Hiking with Shawn’s

Trail Guide Series:

Jackson Falls

Jackson Falls in the Shawnee National Forest is a popular gem among many different user groups. There are numerous hiking and equestrian trails within and around Jackson Falls, it is a climbing and bouldering paradise, this is often a most preferred spot for chasing waterfalls, camping is allowed here and the nice gravel road to the site is perfect for gravel cyclists and jeepers to enjoy. Jackson Falls is truly a special spot in the Shawnee National Forest.

Before making your trip to Jackson Falls, we recommend you check out this Trail Guide about the area. In this guide you can expect to read about what you can see and do at Jackson Falls and how to get there. We will help guide you to following the right trails to the spots you want to see as well. And do make sure you check out the area surroundings listed in this article for amenities and other things to do.
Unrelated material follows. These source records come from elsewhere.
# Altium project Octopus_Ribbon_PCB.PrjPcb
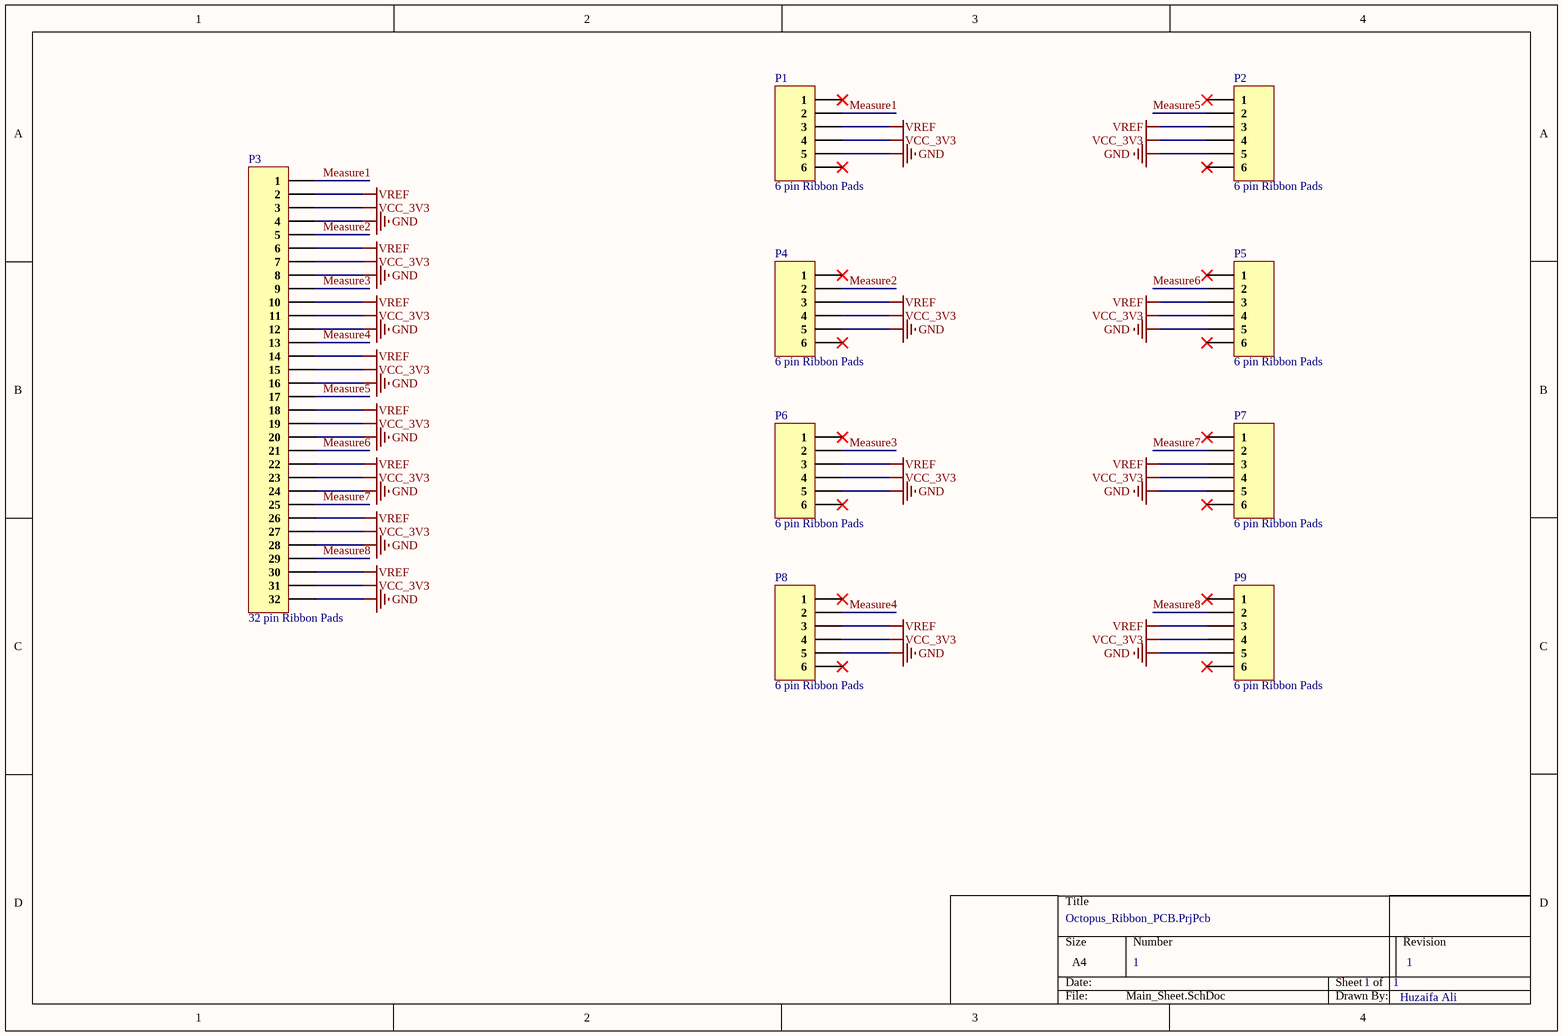
[diagram p0: Main_Sheet.SchDoc]
1 sheet, 9 parts. Net scope: global (net labels, ports and power ports of the same name join across sheets).
Board file: Oct_Ribbon_V2.1_PCB.PcbDoc

## Sheet Main_Sheet.SchDoc: =Projectname
size A4; SheetNumber: 1; SheetTotal: 1

### Parts
P1  6 pin Ribbon Pads  [6 pin Ribbon Pads.]
P2  6 pin Ribbon Pads  [6 pin Ribbon Pads.]
P3  32 pin Ribbon Pads  [32 pin Ribbon Pads.]
P4  6 pin Ribbon Pads  [6 pin Ribbon Pads.]
P5  6 pin Ribbon Pads  [6 pin Ribbon Pads.]
P6  6 pin Ribbon Pads  [6 pin Ribbon Pads.]
P7  6 pin Ribbon Pads  [6 pin Ribbon Pads.]
P8  6 pin Ribbon Pads  [6 pin Ribbon Pads.]
P9  6 pin Ribbon Pads  [6 pin Ribbon Pads.]

### Nets
GND: P1.5 P2.5 P3.4 P3.8 P3.12 P3.16 P3.20 P3.24 P3.28 P3.32 P4.5 P5.5 P6.5 P7.5 P8.5 P9.5
VCC_3V3: P1.4 P2.4 P3.3 P3.7 P3.11 P3.15 P3.19 P3.23 P3.27 P3.31 P4.4 P5.4 P6.4 P7.4 P8.4 P9.4
VREF: P1.3 P2.3 P3.2 P3.6 P3.10 P3.14 P3.18 P3.22 P3.26 P3.30 P4.3 P5.3 P6.3 P7.3 P8.3 P9.3
Measure1: P1.2 P3.1
Measure2: P3.5 P4.2
Measure3: P3.9 P6.2
Measure4: P3.13 P8.2
Measure5: P2.2 P3.17
Measure6: P3.21 P5.2
Measure7: P3.25 P7.2
Measure8: P3.29 P9.2

Not connected (* = marked no-connect by the designer): P1 1* 6*; P2 1* 6*; P4 1* 6*; P5 1* 6*; P6 1* 6*; P7 1* 6*; P8 1* 6*; P9 1* 6*

### Notes on the sheet
- 1
- Huzaifa Ali

### Library data of the parts
P1 P2 P4-P9 = 6 pin Ribbon Pads: Ribbon wire Connection Pads
P3 = 32 pin Ribbon Pads: Ribbon wire Connection Pads

Remember to always Recreate Responsibly when visiting Jackson Falls. For official information and alerts for Jackson Falls, please see the US Forest Service – Shawnee National Forest for more information.

 

HOW TO GET TO THIS TRAIL

Getting to Jackson Falls is easy for the most part but will require some special attention. See this map for the general area of Jackson Falls to help aid you in planning from where you are traveling from. Look at this Google Map for directions to Jackson Falls from Marion, Illinois / Interstate 57.

While on Ozark Road, look for Glen St Falls Road. There should be signs on each side of the road with directional arrows listing Jackson Falls. The road is a narrow gravel road that looks like someone’s driveway, but it is a road that everyone can use. The road does dead end on private property past Jackson Falls for your information.

As stated above, the road is gravel and narrow. There are rough areas and potholes present. Most vehicles should be able to access this road. However, portions of the road could be severely washed out if we have had significant rainfall in the area. The road is often untreated during snow and ice events. Please use caution on this road as other people will frequently use it and people do actually live along this road.

You will come to the trailhead when you see the creek cross the road. Unless we have had a lot of rain, crossing the creek with a vehicle should be okay as long as you take it slow. The parking lot in on your right. If the parking lot is full, you may need to drive across the creek and park on the side of the road up ahead. There are quite a few spots to park at.

On weekends and during the warmer months, this area is very popular and often crowded. For getting a good parking spot, it is recommended that you arrive earlier in the morning. This area is open all year long and is free to access and camp in. There is no running water and camping is considered dispersed with no electrical sites or maintained campsites. At the main trailhead parking lot, there is a vault toilet and signage with maps and information for the area.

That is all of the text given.